** Records supplied follows **
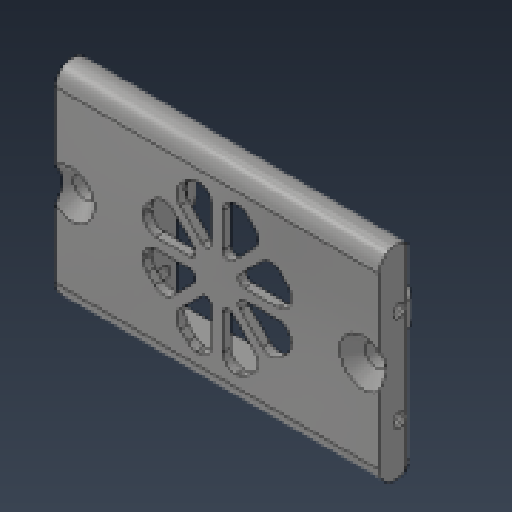
# Autodesk Inventor part: PCBs_Holder
Saved by Autodesk Inventor 2026.2 (Build 302298010, 298A)
## iProperties
Created: 2026-04-14
Part Number: PCBs_Holder
Material: Nylon 6/6
Document SubType Name: Modeling
Designer: szymo
Density: 1.13 g/cm^3
Appearance: Nylon 6(1)
Mass: 2.82412 g
Surface Area: 26.3379 cm^2
Volume: 2.49922 cm^3
Author: szymo
Autodesk Inventor part; units mm, degrees
ref_plane "YZ Plane" through (0, 0, 0) normal (1, 0, 0) x (0, 1, 0)
ref_plane "XZ Plane" through (0, 0, 0) normal (0, 1, 0) x (-1, 0, 0)
ref_plane "XY Plane" through (0, 0, 0) normal (0, 0, 1) x (1, 0, 0)
sketch "Sketch1" plane through (0, 0, 0) normal (0, 0, 1) x (1, 0, 0)
  line L0 (19.2, 23.1) -> (-19.2, 23.1)
  line L1 (-19.2, 23.1) -> (-19.2, 47.2371)
  line L2 (-19.2, 47.2371) -> (19.2, 47.2371)
  line L3 (19.2, 47.2371) -> (19.2, 23.1)
  line L4 (15.2, 33.6685) -> (10.2, 33.6685)
  line L5 (10.2, 33.6685) -> (10.2, 36.6685)
  line L6 (10.2, 36.6685) -> (15.2, 36.6685)
  line L7 (15.2, 36.6685) -> (15.2, 33.6685)
  line L8 (-15.2, 33.6685) -> (-10.2, 33.6685)
  line L9 (-10.2, 33.6685) -> (-10.2, 36.6685)
  line L10 (-10.2, 36.6685) -> (-15.2, 36.6685)
  line L11 (-15.2, 36.6685) -> (-15.2, 33.6685)
  line L12 (8.75, 43.9185) -> (-8.75, 43.9185)
  line L13 (-8.75, 43.9185) -> (-8.75, 26.4185)
  line L14 (-8.75, 26.4185) -> (8.75, 26.4185)
  line L15 (8.75, 26.4185) -> (8.75, 43.9185)
  line L16 (-19.2, 25.795) -> (-15.4, 25.795) projected
  line L17 (-19.2, 45.542) -> (-15.4, 45.542) projected
  line L18 (-19.2, 25.795) -> (-19.2, 45.542) projected
  circle A0 centre (-17.3, 35.1685) radius 1.0065 projected
  line L19 (19.2, 25.795) -> (15.4, 25.795) projected
  line L20 (19.2, 25.795) -> (19.2, 45.542) projected
  line L21 (19.2, 45.542) -> (15.4, 45.542) projected
  circle A1 centre (17.3, 35.1685) radius 1.0065 projected
  line L22 (15.4, 25.795) -> (15.4, 45.542) projected
  line L23 (-15.4, 25.795) -> (-15.4, 45.542) projected
  point P0 (0, 0)
  point P1 (-17.3, 35.1685)
  point P2 (17.3, 35.1685)
  point P3 (-15.2, 23.1)
  point P4 (-15.2, 47.2371)
  point P5 (15.2, 23.1)
  point P6 (15.2, 47.2371)
  point P7 (19.2, 23.1)
  point P8 (19.2, 47.2371)
  point P9 (-19.2, 47.2371)
  point P10 (-19.2, 23.1)
  dimension "d4" = 10.5685
  dimension "d5" = 10.5685
  dimension "d6" = 10.5685
  dimension "d7" = 10.5685
  dimension "d10" = 3
  dimension "d11" = 3
  dimension "d12" = 5
  dimension "d13" = 5
  dimension "d45" = 17.5
  dimension "d46" = 17.5
  dimension "d47" = 3.3185
  dimension "d48" = 3.3185
  dimension "d49" = 10.45
  dimension "d50" = 10.45
  dimension "d83" = 12.0685
  dimension "d84" = 12.0685
  dimension "d85" = 12.0685
  dimension "d86" = 12.0685
  dimension "d110" = 0.2
  dimension "d111" = 0.2
  constraints: 32 end point, 8 parallel, 4 horizontal, 4 perpendicular, 2 point on line
  measures "d4" distance between parallel lines of L0 L4
  measures "d5" distance between parallel lines of L0 L8
  measures "d6" distance between parallel lines of L2 L6
  measures "d7" distance between parallel lines of L2 L10
  measures "d10" distance between parallel lines of L6 L4
  measures "d11" distance between parallel lines of L10 L8
  measures "d12" distance between parallel lines of L7 L5
  measures "d13" distance between parallel lines of L9 L11
  measures "d45" distance between parallel lines of L14 L12
  measures "d46" distance between parallel lines of L13 L15
  measures "d47" distance between parallel lines of L2 L12
  measures "d48" distance between parallel lines of L0 L14
  measures "d49" distance between parallel lines of L3 L15
  measures "d50" distance between parallel lines of L1 L13
  measures "d83" distance from line of L2 point (17.3, 35.169)
  measures "d84" distance from line of L0 point (17.3, 35.169)
  measures "d85" distance from line of point (-17.3, 35.169) L2
  measures "d86" distance from line of L0 point (-17.3, 35.169)
  measures "d110" distance between parallel lines of L23 L11
  measures "d111" distance between parallel lines of L22 L7
extrude "Extrusion3" add sketch "Sketch1" against normal blind 4 contours L0 L1 L16 L23 L17 L2 L3 L21 L22 L19 | L19 L22 L21 L3 | L1 L17 L23 L16 | L4 L5 L6 L7 | L11 L10 L9 L8 | A0 | A1
extrude "Extrusion4" add sketch "Sketch1" against normal blind 9.2 contours L4 L5 L6 L7 | L11 L10 L9 L8
hole "Hole2" at (-17.3, 35.1685, 0) at (17.3, 35.1685, 0) direction (0, 0, -1) diameter 2.5 end through all countersink diameter 5.5 countersink angle 90 clearance for "Countersunk Flat Head Screw ISO 2009/7046" size "M2.5" standard "ISO"
fillet "Fillet6" radius 2 4 edges at (0, 47.2371, -4) (0, 23.1, -4) (0, 23.1, 0) (0, 47.2371, 0)
sketch "Sketch3" plane through (10.2, 33.6685, -4) normal (0, -1, 0) x (1, 0, 0)
  line L0 (0, 0) -> (0, -5.2) projected
  line L1 (5, -5.2) -> (0, -5.2) projected
  line L2 (5, 0) -> (5, -5.2) projected
  line L3 (-25.4, 0) -> (-25.4, -5.2) projected
  line L4 (-20.4, -5.2) -> (-25.4, -5.2) projected
  line L5 (-20.4, 0) -> (-20.4, -5.2) projected
  line L6 (-25.4, 0) -> (-20.4, 0) projected
  line L7 (0, 0) -> (5, 0) projected
  line L8 (5, -0.2) -> (-25.4, -0.2)
  line L9 (5, -0.2) -> (0, -5.2)
  line L10 (5, -5.2) -> (0, -0.2)
  line L11 (-20.4, -5.2) -> (-25.4, -0.2)
  line L12 (-20.4, -0.2) -> (-25.4, -5.2)
  point P0 (2.5, -2.7)
  point P1 (-22.9, -2.7)
  dimension "d109" = 0.2
  constraints: 10 end point, 6 point on line, 3 midpoint, 1 parallel, 1 perpendicular
  measures "d109" distance between parallel lines of L8 L7
hole "Hole3" at (12.7, 33.6685, -6.7) at (-12.7, 33.6685, -6.7) direction (0, 1, 0) diameter 2.5 end through all
sketch "Sketch6" plane through (19.2, 37.1566, 0) normal (1, 0, 0) x (0, 0, -1)
  circle A0 centre (2.4, 3.1124) radius 0.7 projected
  circle A1 centre (2.4, -8.1314) radius 0.7 projected
  point P0 (0, -37.1566)
  point P1 (2.9912, -7.7566)
  point P2 (1.8088, -7.7566)
hole "Hole5" at (19.2, 40.2691, -2.4) at (19.2, 29.0252, -2.4) direction (-1, 0, 0) diameter 1.567 depth 15 thread size "M2x0.4" class "6H" standard "ISO Metric profile"
sketch "Sketch7" plane through (-19.2, 23.1, 0) normal (-1, 0, 0) x (0, 0, 1)
  circle A0 centre (-2.4, 6.9913) radius 0.7 projected
  circle A1 centre (-2.4, 18.0712) radius 0.7 projected
  point P0 (0, -23.1)
hole "Hole6" at (-19.2, 30.0913, -2.4) at (-19.2, 41.1712, -2.4) direction (1, 0, 0) diameter 1.567 depth 15 thread size "M2x0.4" class "6H" standard "ISO Metric profile"
sketch "Sketch8" plane through (10.2, 36.6685, -4) normal (0, 1, 0) x (1, 0, 0)
  line L0 (-20.4, 0) -> (-25.4, 0) projected
  line L1 (-20.4, 0) -> (-20.4, 5.2) projected
  line L2 (-25.4, 5.2) -> (-20.4, 5.2) projected
  line L3 (-25.4, 0) -> (-25.4, 5.2) projected
  line L4 (5, 0) -> (0, 0) projected
  line L5 (5, 0) -> (5, 5.2) projected
  line L6 (0, 5.2) -> (5, 5.2) projected
  line L7 (0, 0) -> (0, 5.2) projected
  circle A0 centre (2.5, 2.7) radius 2.5
  line L8 (0, 2.7) -> (0, 0)
  line L9 (5, 2.7) -> (5, 0)
  line L10 (9, 0) -> (-29.4, 0) projected
  circle A1 centre (-22.9, 2.7) radius 2.5
  line L11 (-25.4, 2.7) -> (-25.4, 0)
  line L12 (-20.4, 2.7) -> (-20.4, 0)
  circle A2 centre (-22.9, 2.7) radius 1.25 projected
  circle A3 centre (2.5, 2.7) radius 1.25 projected
  point P0 (-10.2, -4)
  point P1 (-13.45, 0)
  point P2 (2.5, 5.2)
  point P3 (-22.9, 5.2)
  point P4 (-20.4, 2.7)
  point P5 (-25.4, 2.7)
  point P6 (5, 2.7)
  point P7 (0, 2.7)
  point P8 (1, 4.2)
  point P9 (1.3126, 0)
  point P10 (3.6874, 0)
  point P11 (-24.0874, 0)
  point P12 (-21.7126, 0)
  point P13 (-24.4, 4.2)
  dimension "d103" = 5
  dimension "d104" = 5
  constraints: 8 end point, 4 point on circle, 4 point on line, 4 tangent, 3 perpendicular, 2 centre point, 2 coincident, 1 collinear
  measures "d103" diameter of A0
  measures "d104" diameter of A1
extrude "Extrusion6" cut sketch "Sketch8" against normal up to surface (3 mm away) contours A1 L2 L1 | L3 L2 A1 | A0 L6 L5 | L7 L6 A0
sketch "Sketch9" plane through (0, 0, 0) normal (0, 0, 1) x (1, 0, 0)
  line L0 (-8.75, 43.9185) -> (8.75, 43.9185) projected
  line L1 (-8.75, 26.4185) -> (-8.75, 43.9185) projected
  line L2 (8.75, 43.9185) -> (8.75, 26.4185) projected
  line L3 (8.75, 26.4185) -> (-8.75, 26.4185) projected
  line L4 (3.0931, 43.9185) -> (8.75, 38.2617)
  line L5 (-8.75, 43.9185) -> (8.75, 26.4185) construction
  line L6 (-8.75, 26.4185) -> (8.75, 43.9185) construction
  line L7 (-8.75, 38.2617) -> (-3.0931, 43.9185)
  line L8 (-3.0931, 26.4185) -> (-8.75, 32.0754)
  line L9 (8.75, 32.0754) -> (3.0931, 26.4185)
  line L10 (-0.625, 43.9185) -> (-0.625, 26.4185)
  line L11 (0.625, 26.4185) -> (0.625, 43.9185)
  line L12 (-8.75, 35.7935) -> (8.75, 35.7935)
  line L13 (-8.75, 34.5435) -> (8.75, 34.5435)
  line L14 (-5.4796, 41.5321) -> (-0.625, 36.6774)
  line L15 (0.625, 36.6774) -> (5.4796, 41.5321)
  line L16 (6.3635, 40.6482) -> (1.5089, 35.7935)
  line L17 (1.5089, 34.5435) -> (6.3635, 29.6889)
  line L18 (5.4796, 28.805) -> (0.625, 33.6597)
  line L19 (-6.3635, 29.6889) -> (-1.5089, 34.5435)
  line L20 (-6.3635, 40.6482) -> (-1.5089, 35.7935)
  line L21 (-5.4796, 28.805) -> (-0.625, 33.6597)
  point P0 (0, 0)
  point P1 (0, 35.1685)
  point P2 (0, 35.1685)
  point P3 (-8.75, 38.2617)
  point P4 (-3.0931, 26.4185)
  point P5 (3.0931, 26.4185)
  point P6 (8.75, 32.0754)
  point P7 (-3.0931, 43.9185)
  point P8 (-0.625, 35.7935)
  point P9 (-0.625, 34.5435)
  point P10 (-8.75, 32.0754)
  dimension "d112" = 45
  dimension "d113" = 4
  dimension "d116" = 360
  dimension "d118" = 0.625
  dimension "d119" = 0.625
  dimension "d120" = 0.625
  dimension "d121" = 0.625
  dimension "d122" = 0.625
  dimension "d124" = 0.625
  dimension "d125" = 0.625
  dimension "d126" = 0.625
  dimension "d127" = 0.625
  dimension "d128" = 0.625
  dimension "d129" = 0.625
  dimension "d130" = 0.625
  constraints: 36 end point, 26 point on line, 7 perpendicular, 5 parallel, 2 midpoint, 13 other
  measures "d112" angle of L0 L4
  measures "d113" distance from line of L0.end L4
  measures "d118" distance from line of L13 point (0, 35.169)
  measures "d119" distance from line of L12 point (0, 35.169)
  measures "d120" distance from line of L10 point (0, 35.169)
  measures "d121" distance from line of L11 point (0, 35.169)
  measures "d122" distance between parallel lines of L5 L20
  measures "d124" distance between parallel lines of L5 L14
  measures "d125" distance between parallel lines of L6 L15
  measures "d126" distance between parallel lines of L16 L6
  measures "d127" distance between parallel lines of L5 L17
  measures "d128" distance between parallel lines of L5 L18
  measures "d129" distance between parallel lines of L6 L21
  measures "d130" distance between parallel lines of L19 L6
extrude "Extrusion7" add sketch "Sketch9" against normal blind 1 contours L0 L7 L1 | L0 L11 L12 L10 | L14 L10 L12 L20 L7 | L12 L10 L13 L1 | L0 L2 L4 | L15 L4 L16 L12 L11 | L12 L11 L13 L10 | L8 L3 L1 | L13 L10 L21 L8 L19 | L12 L2 L13 L11 | L13 L11 L3 L10 | L13 L17 L9 L18 L11 | L9 L2 L3
fillet "Fillet8" radius 1 2 edges at (-19.2, 35.1685, -4) (19.2, 35.1685, -4)
fillet "Fillet7" radius 1.5 24 edges at (-3.0931, 43.9185, -0.5) (-0.625, 43.9185, -0.5) (0.625, 43.9185, -0.5) (3.0931, 43.9185, -0.5) (5.4796, 41.5321, -0.5) (6.3635, 40.6482, -0.5) (8.75, 38.2617, -0.5) (8.75, 35.7935, -0.5) (8.75, 34.5435, -0.5) (8.75, 32.0754, -0.5) (6.3635, 29.6889, -0.5) (5.4796, 28.805, -0.5) (3.0931, 26.4185, -0.5) (0.625, 26.4185, -0.5) (-0.625, 26.4185, -0.5) (-3.0931, 26.4185, -0.5) (-5.4796, 28.805, -0.5) (-6.3635, 29.6889, -0.5) (-8.75, 32.0754, -0.5) (-8.75, 34.5435, -0.5) (-8.75, 35.7935, -0.5) (-8.75, 38.2617, -0.5) (-6.3635, 40.6482, -0.5) (-5.4796, 41.5321, -0.5)
fillet "Fillet9" radius 0.7 8 edges at (-1.5089, 35.7935, -0.5) (-1.5089, 34.5435, -0.5) (-0.625, 33.6597, -0.5) (0.625, 33.6597, -0.5) (1.5089, 34.5435, -0.5) (1.5089, 35.7935, -0.5) (0.625, 36.6774, -0.5) (-0.625, 36.6774, -0.5)
equation "\"d4\" = d6"
equation "\"d5\" = d7"
equation "\"d11\" = d10"
equation "\"d13\" = d12"
equation "\"d47\" = d48"
equation "\"d49\" = d50"
body "Solid2"
** End of Records supplied **
_Exercise requirements:_ Exact repetition required: repeat the first line of the listing above, the line containing "line L11 (-15.2, 36.6685)", and every line between, leaving out pictures.

_Result:_
# Autodesk Inventor part: PCBs_Holder
Saved by Autodesk Inventor 2026.2 (Build 302298010, 298A)
## iProperties
Created: 2026-04-14
Part Number: PCBs_Holder
Material: Nylon 6/6
Document SubType Name: Modeling
Designer: szymo
Density: 1.13 g/cm^3
Appearance: Nylon 6(1)
Mass: 2.82412 g
Surface Area: 26.3379 cm^2
Volume: 2.49922 cm^3
Author: szymo
Autodesk Inventor part; units mm, degrees
ref_plane "YZ Plane" through (0, 0, 0) normal (1, 0, 0) x (0, 1, 0)
ref_plane "XZ Plane" through (0, 0, 0) normal (0, 1, 0) x (-1, 0, 0)
ref_plane "XY Plane" through (0, 0, 0) normal (0, 0, 1) x (1, 0, 0)
sketch "Sketch1" plane through (0, 0, 0) normal (0, 0, 1) x (1, 0, 0)
  line L0 (19.2, 23.1) -> (-19.2, 23.1)
  line L1 (-19.2, 23.1) -> (-19.2, 47.2371)
  line L2 (-19.2, 47.2371) -> (19.2, 47.2371)
  line L3 (19.2, 47.2371) -> (19.2, 23.1)
  line L4 (15.2, 33.6685) -> (10.2, 33.6685)
  line L5 (10.2, 33.6685) -> (10.2, 36.6685)
  line L6 (10.2, 36.6685) -> (15.2, 36.6685)
  line L7 (15.2, 36.6685) -> (15.2, 33.6685)
  line L8 (-15.2, 33.6685) -> (-10.2, 33.6685)
  line L9 (-10.2, 33.6685) -> (-10.2, 36.6685)
  line L10 (-10.2, 36.6685) -> (-15.2, 36.6685)
  line L11 (-15.2, 36.6685) -> (-15.2, 33.6685)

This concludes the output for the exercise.